Alpha-NML Universal Predictors
Marco Bondaschi, Michael Gastpar
TL;DR
The paper introduces alpha-NML predictors, a parametric universal prediction family indexed by alpha >= 1 that interpolate between mixture estimators and the Normalized Maximum Likelihood, grounded in regret measures linked to Rényi divergence. It proves optimality of alpha-NML under alpha-regret with an appropriately chosen prior that maximizes Sibson's alpha mutual information, and discusses existence conditions and connections to Luckiness NML, including cases where NML does not exist. The authors specialize to discrete memoryless sources, deriving tractable closed-form expressions and asymptotic worst-case regret that show alpha-NML interpolates between the KT estimator and NML, while preserving computational efficiency for integer alpha. The work provides a flexible, robust prediction framework with theoretical guarantees and practical formulas, expanding the universal prediction toolbox to settings where NML is problematic or inapplicable. Overall, alpha-NML offers a tunable balance between average and worst-case performance with concrete benefits for DMS and potential broader applicability in universal compression and learning.
Abstract
Inspired by the connection between classical regret measures employed in universal prediction and Rényi divergence, we introduce a new class of universal predictors that depend on a real parameter $α\geq 1$. This class interpolates two well-known predictors, the mixture estimators, that include the Laplace and the Krichevsky-Trofimov predictors, and the Normalized Maximum Likelihood (NML) estimator.
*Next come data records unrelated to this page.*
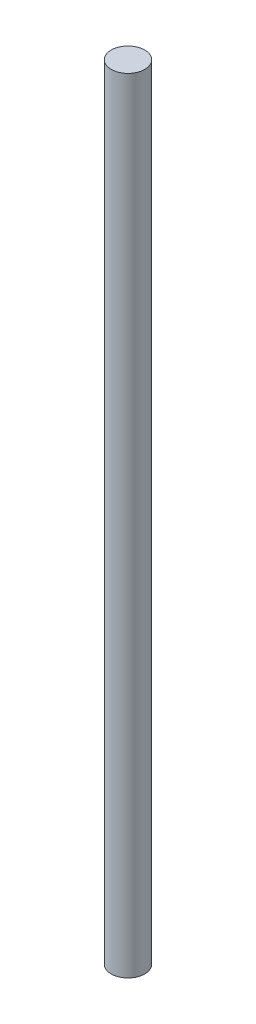
from build123d import *

# Parameters (mm, degrees)
SKETCH1_R           = 1.5
BOSS_EXTRUDE1_DEPTH = 70


with BuildPart() as part:
    # Sketch1 → Boss-Extrude1 (new body)
    with BuildSketch(Plane(origin=(0, 0, 0), x_dir=(1, 0, 0), z_dir=(0, 1, 0))):
        Circle(SKETCH1_R)
    extrude(amount=BOSS_EXTRUDE1_DEPTH)


solid = part.part
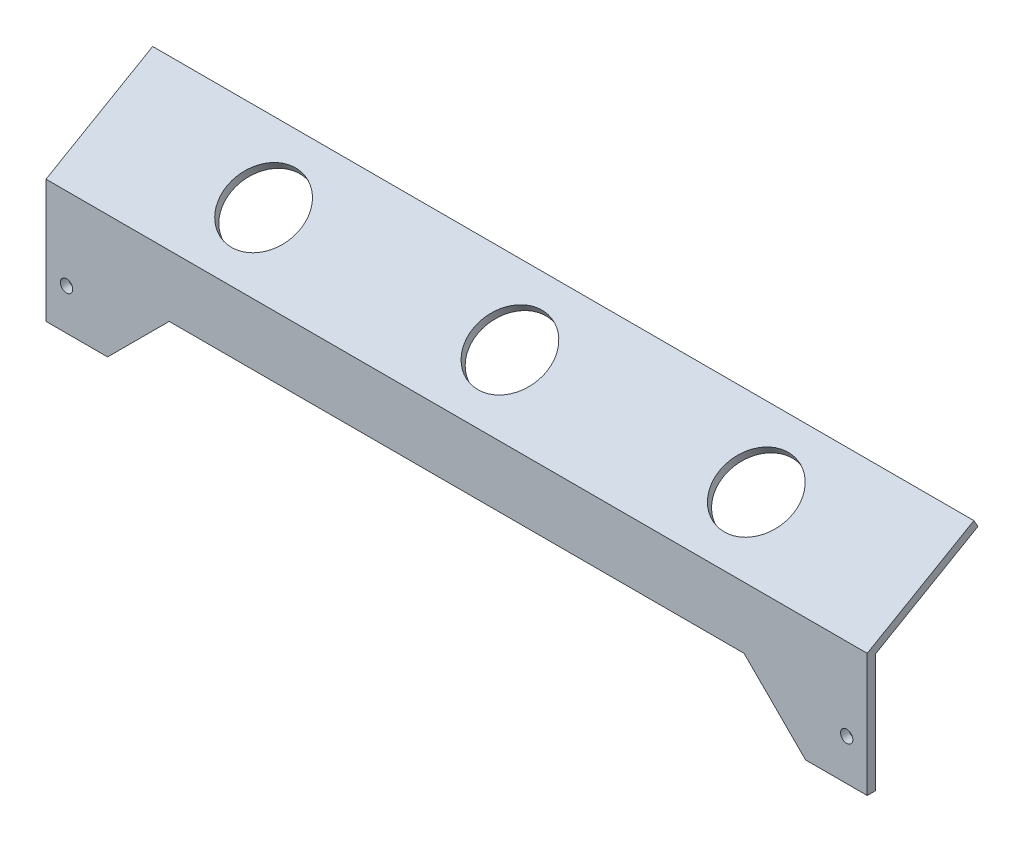
from build123d import *

# Parameters (mm, degrees)
BOSS_EXTRUDE1_DEPTH = 100
SKETCH2_R           = 1.5
CUT_EXTRUDE1_DEPTH  = 10
SKETCH4_R           = 9
CUT_EXTRUDE2_DEPTH  = 10


with BuildPart() as part:
    # Sketch1 → Boss-Extrude1 (new, symmetric)
    with BuildSketch(Plane(origin=(0, 0, 0), x_dir=(0, 0, -1), z_dir=(1, 0, 0))):
        Polygon((0, 0), (2, 0), (2, 28.845299462), (26.980762114, 43.267949192), (25.980762114, 45), (0, 30), align=None)
    extrude(amount=BOSS_EXTRUDE1_DEPTH, both=True)

    # Sketch2 → Cut-Extrude1 (cut)
    with BuildSketch(Plane.XY):
        with Locations((-95, 10)):
            Circle(SKETCH2_R)
        with Locations((95, 10)):
            Circle(SKETCH2_R)
        Polygon((-85, 0), (-70, 15), (70, 15), (85, 0), align=None)
    extrude(amount=-CUT_EXTRUDE1_DEPTH, mode=Mode.SUBTRACT)

    # Sketch4 → Cut-Extrude2 (cut)
    with BuildSketch(Plane(origin=(0, 22.5, 12.990381057), x_dir=(1, 0, 0), z_dir=(0, 0.8660254037844396, 0.4999999999999985))):
        with Locations((0, 30)):
            Circle(SKETCH4_R)
        with Locations((60, 30)):
            Circle(SKETCH4_R)
        with Locations((-60, 30)):
            Circle(SKETCH4_R)
    extrude(amount=-CUT_EXTRUDE2_DEPTH, mode=Mode.SUBTRACT)


solid = part.part
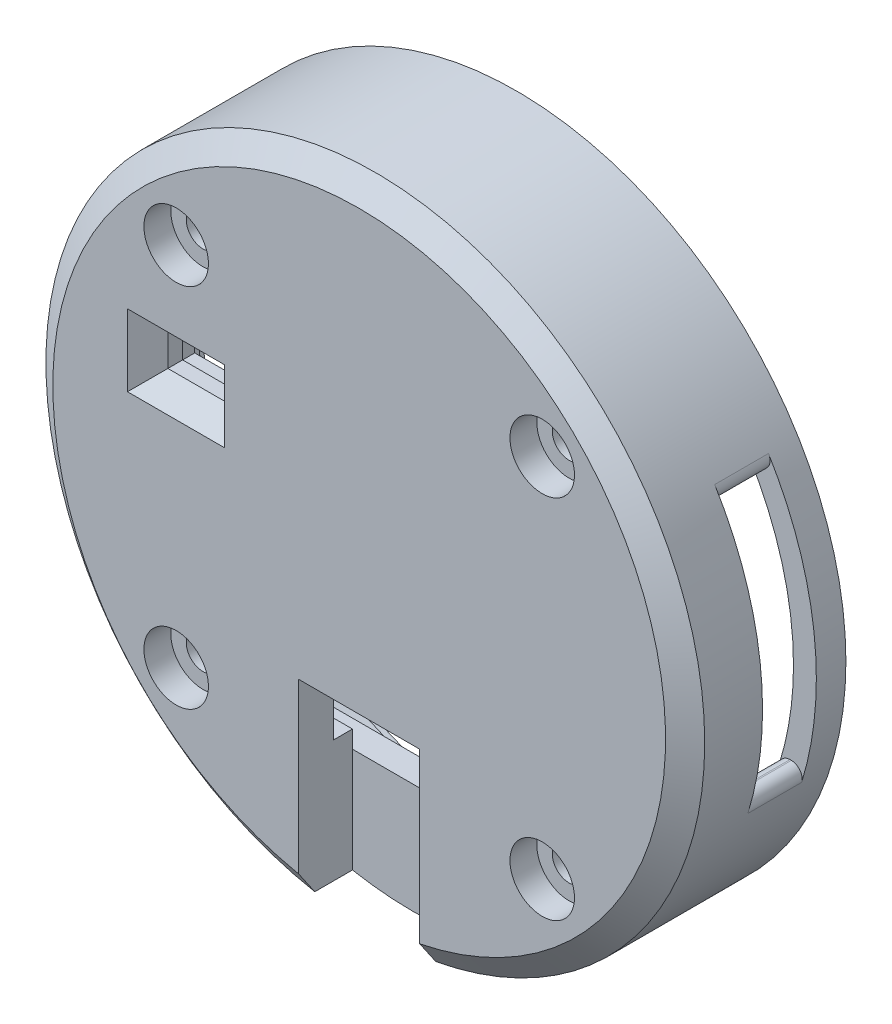
from build123d import *
from build123d.topology import SkipClean

# Parameters (mm, degrees)
EXTRUDE_3_DEPTH     = 11.7
SKETCH_2_5_R        = 23.6
SKETCH_2_5_R_2      = 22.8
EXTRUDE_4_DEPTH     = 10.7
SKETCH_2_6_R        = 2.6
SKETCH_2_6_W        = 4.2
SKETCH_2_6_H        = 2.343935591
EXTRUDE_5_DEPTH     = 2.6
EXTRUDE_6_DEPTH     = 4
SKETCH_2_9_R        = 2.6
SKETCH_2_9_R_2      = 1.25
SKETCH_2_9_R_3      = 2.4
SKETCH_2_9_W        = 8.7
SKETCH_2_9_H        = 5.343935591
SKETCH_2_9_W_2      = 6.7
SKETCH_2_9_H_2      = 3.343935591
EXTRUDE_7_DEPTH     = 4
EXTRUDE_8_DEPTH     = 6
EXTRUDE_10_DEPTH    = 8.6
CUT_EXTRUDE_1_DEPTH = 4
CUT_EXTRUDE_2_DEPTH = 9.5
EXTRUDE_9_DEPTH     = 5.5
SKETCH_2_15_R       = 2.4
SKETCH_2_15_R_2     = 1.25
CUT_EXTRUDE_3_DEPTH = 2
CHAMFER_2_SIZE      = 1.5
FILLET_2_R          = 0.8
FILLET_3_R          = 0.8
FILLET_4_R          = 0.8
FILLET_5_R          = 0.8
CHAMFER_3_SIZE      = 1.2
CHAMFER_3_SIZE2     = 1.713777608


with BuildPart() as part:
    # 草图2 → 凸台-拉伸3 (new body)
    with BuildSketch(Plane.XY):
        with BuildLine():
            ThreePointArc((21.633307653, 11.5), (-14.000099508, 20.105899974), (-18.290981384, -16.3))
            Line((-18.290981384, -16.3), (-17.066634115, -16.3))
            ThreePointArc((-17.066634115, -16.3), (-14.012358538, 18.989834339), (20.608493395, 11.5))
            Line((20.608493395, 11.5), (21.633307653, 11.5))
        make_face()
        with BuildLine():
            ThreePointArc((24.5, 0), (23.772526554, 5.925958256), (21.633307653, 11.5))
            Line((21.633307653, 11.5), (20.608493395, 11.5))
            ThreePointArc((20.608493395, 11.5), (22.839882269, 5.941361624), (23.6, 0))
            ThreePointArc((23.6, 0), (23.391840542, -3.1275863), (22.771034232, -6.2))
            Line((22.771034232, -6.2), (23.70253151, -6.2))
            ThreePointArc((23.70253151, -6.2), (24.29981504, -3.125538193), (24.5, 0))
        make_face()
        with BuildLine():
            ThreePointArc((18.290981384, -16.3), (21.595515305, -11.570813225), (23.70253151, -6.2))
            Line((23.70253151, -6.2), (22.771034232, -6.2))
            ThreePointArc((22.771034232, -6.2), (20.549025642, -11.605927157), (17.066634115, -16.3))
            Line((17.066634115, -16.3), (18.290981384, -16.3))
        make_face()
        with BuildLine():
            Line((4.5, -23.167002396), (4.5, -24.083189158))
            ThreePointArc((4.5, -24.083189158), (12.041665852, -21.336548069), (18.290981384, -16.3))
            Line((18.290981384, -16.3), (17.066634115, -16.3))
            ThreePointArc((17.066634115, -16.3), (11.316751178, -20.709687172), (4.5, -23.167002396))
        make_face()
        with BuildLine():
            Line((-4.5, -23.167002396), (-4.5, -24.083189158))
            ThreePointArc((-4.5, -24.083189158), (0, -24.5), (4.5, -24.083189158))
            Line((4.5, -24.083189158), (4.5, -23.167002396))
            ThreePointArc((4.5, -23.167002396), (0, -23.6), (-4.5, -23.167002396))
        make_face()
        with BuildLine():
            Line((-17.066634115, -16.3), (-18.290981384, -16.3))
            ThreePointArc((-18.290981384, -16.3), (-12.041665852, -21.336548069), (-4.5, -24.083189158))
            Line((-4.5, -24.083189158), (-4.5, -23.167002396))
            ThreePointArc((-4.5, -23.167002396), (-11.316751178, -20.709687172), (-17.066634115, -16.3))
        make_face()
    extrude(amount=-EXTRUDE_3_DEPTH)

    # 草图2<5> → 凸台-拉伸4 (add)
    with BuildSketch(Plane.XY):
        Circle(SKETCH_2_5_R)
        Circle(SKETCH_2_5_R_2, mode=Mode.SUBTRACT)
    extrude(amount=-EXTRUDE_4_DEPTH)

    # 草图2<6> → 凸台-拉伸5 (add)
    with BuildSketch(Plane.XY):
        with BuildLine():
            ThreePointArc((17.170905626, -15), (0, 22.8), (-17.170905626, -15))
            Line((-17.170905626, -15), (-15.810194979, -15))
            ThreePointArc((-15.810194979, -15), (-13.611805538, -11.011805538), (-11.413416097, -15))
            Line((-11.413416097, -15), (-4.5, -15))
            Line((-4.5, -15), (-4.5, -9.8))
            Line((-4.5, -9.8), (4.5, -9.8))
            Line((4.5, -9.8), (4.5, -15))
            Line((4.5, -15), (11.413416097, -15))
            ThreePointArc((11.413416097, -15), (13.611805538, -11.011805538), (15.810194979, -15))
            Line((15.810194979, -15), (17.170905626, -15))
        make_face()
        with Locations((-13.611805538, 13.611805538)):
            Circle(SKETCH_2_6_R, mode=Mode.SUBTRACT)
        with Locations((13.611805538, 13.611805538)):
            Circle(SKETCH_2_6_R, mode=Mode.SUBTRACT)
        with Locations((-13.63048294, 5.028032205)):
            Rectangle(SKETCH_2_6_W, SKETCH_2_6_H, mode=Mode.SUBTRACT)
    extrude(amount=-EXTRUDE_5_DEPTH)

    # 草图2<7> → 凸台-拉伸6 (add)
    with BuildSketch(Plane.XY):
        with BuildLine():
            ThreePointArc((-17.170905626, -15), (-16.569248581, -15.662056106), (-15.942082674, -16.3))
            Line((-15.942082674, -16.3), (-4.5, -16.3))
            Line((-4.5, -16.3), (-4.5, -15))
            Line((-4.5, -15), (-11.413416097, -15))
            ThreePointArc((-11.413416097, -15), (-13.611805538, -16.211805538), (-15.810194979, -15))
            Line((-15.810194979, -15), (-17.170905626, -15))
        make_face()
        with BuildLine():
            Line((4.5, -15), (4.5, -16.3))
            Line((4.5, -16.3), (15.942082674, -16.3))
            ThreePointArc((15.942082674, -16.3), (16.569248581, -15.662056106), (17.170905626, -15))
            Line((17.170905626, -15), (15.810194979, -15))
            ThreePointArc((15.810194979, -15), (13.611805538, -16.211805538), (11.413416097, -15))
            Line((11.413416097, -15), (4.5, -15))
        make_face()
    extrude(amount=-EXTRUDE_6_DEPTH)

    # 草图2<9> → 凸台-拉伸7 (add)
    # profile 1 of 9: a face of its own
    with BuildSketch(Plane.XY):
        with Locations((-13.611805538, 13.611805538)):
            Circle(SKETCH_2_9_R)
        with Locations((-13.611805538, 13.611805538)):
            Circle(SKETCH_2_9_R_2, mode=Mode.SUBTRACT)
    # profile 2 of 9: a face of its own
    with BuildSketch(Plane.XY):
        with Locations((13.611805538, 13.611805538)):
            Circle(SKETCH_2_9_R)
        with Locations((13.611805538, 13.611805538)):
            Circle(SKETCH_2_9_R_2, mode=Mode.SUBTRACT)
    # profile 3 of 9: a face of its own
    with BuildSketch(Plane.XY):
        with Locations((-13.611805538, 13.611805538)):
            Circle(SKETCH_2_9_R)
        with Locations((-13.611805538, 13.611805538)):
            Circle(SKETCH_2_9_R_3, mode=Mode.SUBTRACT)
    # profile 4 of 9: a face of its own
    with BuildSketch(Plane.XY):
        with Locations((13.611805538, 13.611805538)):
            Circle(SKETCH_2_9_R)
        with Locations((13.611805538, 13.611805538)):
            Circle(SKETCH_2_9_R_3, mode=Mode.SUBTRACT)
    # profile 5 of 9: a face of its own
    with BuildSketch(Plane.XY):
        with Locations((13.611805538, -13.611805538)):
            Circle(SKETCH_2_9_R)
        with Locations((13.611805538, -13.611805538)):
            Circle(SKETCH_2_9_R_3, mode=Mode.SUBTRACT)
    # profile 6 of 9: a face of its own
    with BuildSketch(Plane.XY):
        with Locations((-13.611805538, -13.611805538)):
            Circle(SKETCH_2_9_R)
        with Locations((-13.611805538, -13.611805538)):
            Circle(SKETCH_2_9_R_3, mode=Mode.SUBTRACT)
    # profile 7 of 9: a face of its own
    with BuildSketch(Plane.XY):
        with Locations((-13.611805538, -13.611805538)):
            Circle(SKETCH_2_9_R_3)
        with Locations((-13.611805538, -13.611805538)):
            Circle(SKETCH_2_9_R_2, mode=Mode.SUBTRACT)
    # profile 8 of 9: a face of its own
    with BuildSketch(Plane.XY):
        with Locations((13.611805538, -13.611805538)):
            Circle(SKETCH_2_9_R_3)
        with Locations((13.611805538, -13.611805538)):
            Circle(SKETCH_2_9_R_2, mode=Mode.SUBTRACT)
    # profile 9 of 9: a face of its own
    with BuildSketch(Plane.XY):
        with Locations((-12.88048294, 5.028032205)):
            Rectangle(SKETCH_2_9_W, SKETCH_2_9_H)
        with Locations((-12.88048294, 5.028032205)):
            Rectangle(SKETCH_2_9_W_2, SKETCH_2_9_H_2, mode=Mode.SUBTRACT)
    extrude(amount=-EXTRUDE_7_DEPTH)

    # 草图2<11> → 凸台-拉伸8 (add)
    with BuildSketch(Plane.XY):
        with BuildLine():
            ThreePointArc((-15.942082674, -16.3), (-9.833120113, -20.570603998), (-2.673250745, -22.642741231))
            Line((-2.673250745, -22.642741231), (-3.766025404, -20.75))
            ThreePointArc((-3.766025404, -20.75), (-3.766025404, -19.75), (-2.9, -19.25))
            Line((-2.9, -19.25), (2.9, -19.25))
            ThreePointArc((2.9, -19.25), (3.766025404, -19.75), (3.766025404, -20.75))
            Line((3.766025404, -20.75), (2.673250745, -22.642741231))
            ThreePointArc((2.673250745, -22.642741231), (9.833120113, -20.570603998), (15.942082674, -16.3))
            Line((15.942082674, -16.3), (-15.942082674, -16.3))
        make_face()
    extrude(amount=-EXTRUDE_8_DEPTH)

    # 草图2<17> → 凸台-拉伸10 (add)
    with BuildSketch(Plane.XY):
        with BuildLine():
            Line((-3.766025404, -20.75), (-2.673250745, -22.642741231))
            ThreePointArc((-2.673250745, -22.642741231), (0, -22.8), (2.673250745, -22.642741231))
            Line((2.673250745, -22.642741231), (3.766025404, -20.75))
            ThreePointArc((3.766025404, -20.75), (3.766025404, -19.75), (2.9, -19.25))
            Line((2.9, -19.25), (-2.9, -19.25))
            ThreePointArc((-2.9, -19.25), (-3.766025404, -19.75), (-3.766025404, -20.75))
        make_face()
    extrude(amount=-EXTRUDE_10_DEPTH)

    # 草图2<10> → 切除-拉伸1 (cut)
    with BuildSketch(Plane.XY):
        with BuildLine():
            ThreePointArc((-4.5, -24.083189158), (0, -24.5), (4.5, -24.083189158))
            Line((4.5, -24.083189158), (4.5, -16.3))
            Line((4.5, -16.3), (-4.5, -16.3))
            Line((-4.5, -16.3), (-4.5, -24.083189158))
        make_face()
    extrude(amount=-CUT_EXTRUDE_1_DEPTH, mode=Mode.SUBTRACT)

    # 草图2<13> → 切除-拉伸2 (cut)
    with BuildSketch(Plane.XY):
        with BuildLine():
            ThreePointArc((24.5, 0), (23.772526554, 5.925958256), (21.633307653, 11.5))
            Line((21.633307653, 11.5), (20.608493395, 11.5))
            ThreePointArc((20.608493395, 11.5), (22.839882269, 5.941361624), (23.6, 0))
            ThreePointArc((23.6, 0), (23.391840542, -3.1275863), (22.771034232, -6.2))
            Line((22.771034232, -6.2), (23.70253151, -6.2))
            ThreePointArc((23.70253151, -6.2), (24.29981504, -3.125538193), (24.5, 0))
        make_face()
        with BuildLine():
            ThreePointArc((23.6, 0), (22.839882269, 5.941361624), (20.608493395, 11.5))
            Line((20.608493395, 11.5), (19.687305555, 11.5))
            ThreePointArc((19.687305555, 11.5), (22.00807314, 5.956904958), (22.8, 0))
            ThreePointArc((22.8, 0), (22.584185983, -3.129623536), (21.940829519, -6.2))
            Line((21.940829519, -6.2), (22.771034232, -6.2))
            ThreePointArc((22.771034232, -6.2), (23.391840542, -3.1275863), (23.6, 0))
        make_face()
    extrude(amount=-CUT_EXTRUDE_2_DEPTH, mode=Mode.SUBTRACT)

    # 草图2<14> → 凸台-拉伸9 (add)
    with SkipClean():  # the faces are left unmerged after this step: merging them gives an invalid solid
        with BuildSketch(Plane.XY):
            with BuildLine():
                ThreePointArc((24.5, 0), (23.772526554, 5.925958256), (21.633307653, 11.5))
                Line((21.633307653, 11.5), (20.608493395, 11.5))
                ThreePointArc((20.608493395, 11.5), (22.839882269, 5.941361624), (23.6, 0))
                ThreePointArc((23.6, 0), (23.391840542, -3.1275863), (22.771034232, -6.2))
                Line((22.771034232, -6.2), (23.70253151, -6.2))
                ThreePointArc((23.70253151, -6.2), (24.29981504, -3.125538193), (24.5, 0))
            make_face()
            with BuildLine():
                ThreePointArc((23.6, 0), (22.839882269, 5.941361624), (20.608493395, 11.5))
                Line((20.608493395, 11.5), (19.687305555, 11.5))
                ThreePointArc((19.687305555, 11.5), (22.00807314, 5.956904958), (22.8, 0))
                ThreePointArc((22.8, 0), (22.584185983, -3.129623536), (21.940829519, -6.2))
                Line((21.940829519, -6.2), (22.771034232, -6.2))
                ThreePointArc((22.771034232, -6.2), (23.391840542, -3.1275863), (23.6, 0))
            make_face()
        extrude(amount=-EXTRUDE_9_DEPTH)

    # 草图2<15> → 切除-拉伸3 (cut)
    # profile 1 of 4: a face of its own
    with SkipClean():  # the faces are left unmerged after this step: merging them gives an invalid solid
        with BuildSketch(Plane.XY):
            with Locations((-13.611805538, 13.611805538)):
                Circle(SKETCH_2_15_R)
            with Locations((-13.611805538, 13.611805538)):
                Circle(SKETCH_2_15_R_2, mode=Mode.SUBTRACT)
        # profile 2 of 4: a face of its own
        with BuildSketch(Plane.XY):
            with Locations((13.611805538, 13.611805538)):
                Circle(SKETCH_2_15_R)
            with Locations((13.611805538, 13.611805538)):
                Circle(SKETCH_2_15_R_2, mode=Mode.SUBTRACT)
        # profile 3 of 4: a face of its own
        with BuildSketch(Plane.XY):
            with Locations((13.611805538, -13.611805538)):
                Circle(SKETCH_2_15_R)
            with Locations((13.611805538, -13.611805538)):
                Circle(SKETCH_2_15_R_2, mode=Mode.SUBTRACT)
        # profile 4 of 4: a face of its own
        with BuildSketch(Plane.XY):
            with Locations((-13.611805538, -13.611805538)):
                Circle(SKETCH_2_15_R)
            with Locations((-13.611805538, -13.611805538)):
                Circle(SKETCH_2_15_R_2, mode=Mode.SUBTRACT)
        extrude(amount=-CUT_EXTRUDE_3_DEPTH, mode=Mode.SUBTRACT)

    # 倒角2
    chamfer_2_edges = [part.edges().sort_by_distance(p)[0] for p in [
        (-13.63048294, 6.2, 0),
        (-15.73048294, 5.028032204, 0),
        (-13.63048294, 3.856064409, 0),
        (-11.53048294, 5.028032204, 0),
    ]]
    chamfer(chamfer_2_edges, length=CHAMFER_2_SIZE)

    # 圆角2
    # the kernel refuses this fillet: 0.8 mm, written as the material it takes off along each edge
    with BuildSketch(Plane(origin=(21.633307653, 11.5, -5.5), x_dir=(-0.49438880167130195, 0.8692408830594739, 0), z_dir=(0, 0, -1))) as fillet_2_piece_1:
        with BuildLine():
            CenterArc((1.37516546, -0.79967434), FILLET_2_R, 88.365106431, 121.26434887)
            Line((0.679772753, -1.195185381), (0, 0))
            ThreePointArc((0, 0), (0.698994891, 0.009973333), (1.397989783, 0))
        make_face()
    extrude(amount=4, mode=Mode.SUBTRACT)

    # 圆角3
    # the kernel refuses this fillet: 0.8 mm, written as the material it takes off along each edge
    with BuildSketch(Plane(origin=(23.70253151, -6.2, -5.5), x_dir=(-0.27427627228974394, -0.9616509379493383, 0), z_dir=(0, 0, -1))) as fillet_3_piece_1:
        with BuildLine():
            CenterArc((1.060018672, 0.799806516), FILLET_3_R, 164.081110631, 107.179044823)
            Line((0.290697921, 1.019227534), (0, 0))
            ThreePointArc((0, 0), (0.538806171, -0.005925453), (1.077612342, 0))
        make_face()
    extrude(amount=4, mode=Mode.SUBTRACT)

    # 圆角4
    fillet_4_edges = [part.edges().sort_by_distance(p)[0] for p in [
        (21.940829519, -6.2, -7.5),
    ]]
    fillet(fillet_4_edges, radius=FILLET_4_R)

    # 圆角5
    fillet_5_edges = [part.edges().sort_by_distance(p)[0] for p in [
        (19.687305555, 11.5, -7.5),
    ]]
    fillet(fillet_5_edges, radius=FILLET_5_R)

    # 倒角3
    chamfer_3_edges = [part.edges().sort_by_distance(p)[0] for p in [
        (-14.000099508, 20.105899974, 0),
    ]]
    chamfer_3_side = [part.faces().sort_by_distance(p)[0] for p in [
        (18.290981384, 16.3, -5.85),
    ]]
    chamfer(chamfer_3_edges, length=CHAMFER_3_SIZE, length2=CHAMFER_3_SIZE2, reference=chamfer_3_side[0])


solid = part.part

We point out some advantages of this new class of predictors and study its benefits from two complementary viewpoints: (1) we prove its optimality when the maximal Rényi divergence is considered as a regret measure, which can be interpreted operationally as a middle ground between the standard average and worst-case regret measures; (2) we discuss how it can be employed when NML is not a viable option, as an alternative to other predictors such as Luckiness NML. Finally, we apply the $α$-NML predictor to the class of discrete memoryless sources (DMS), where we derive simple formulas to compute the predictor and analyze its asymptotic performance in terms of worst-case regret.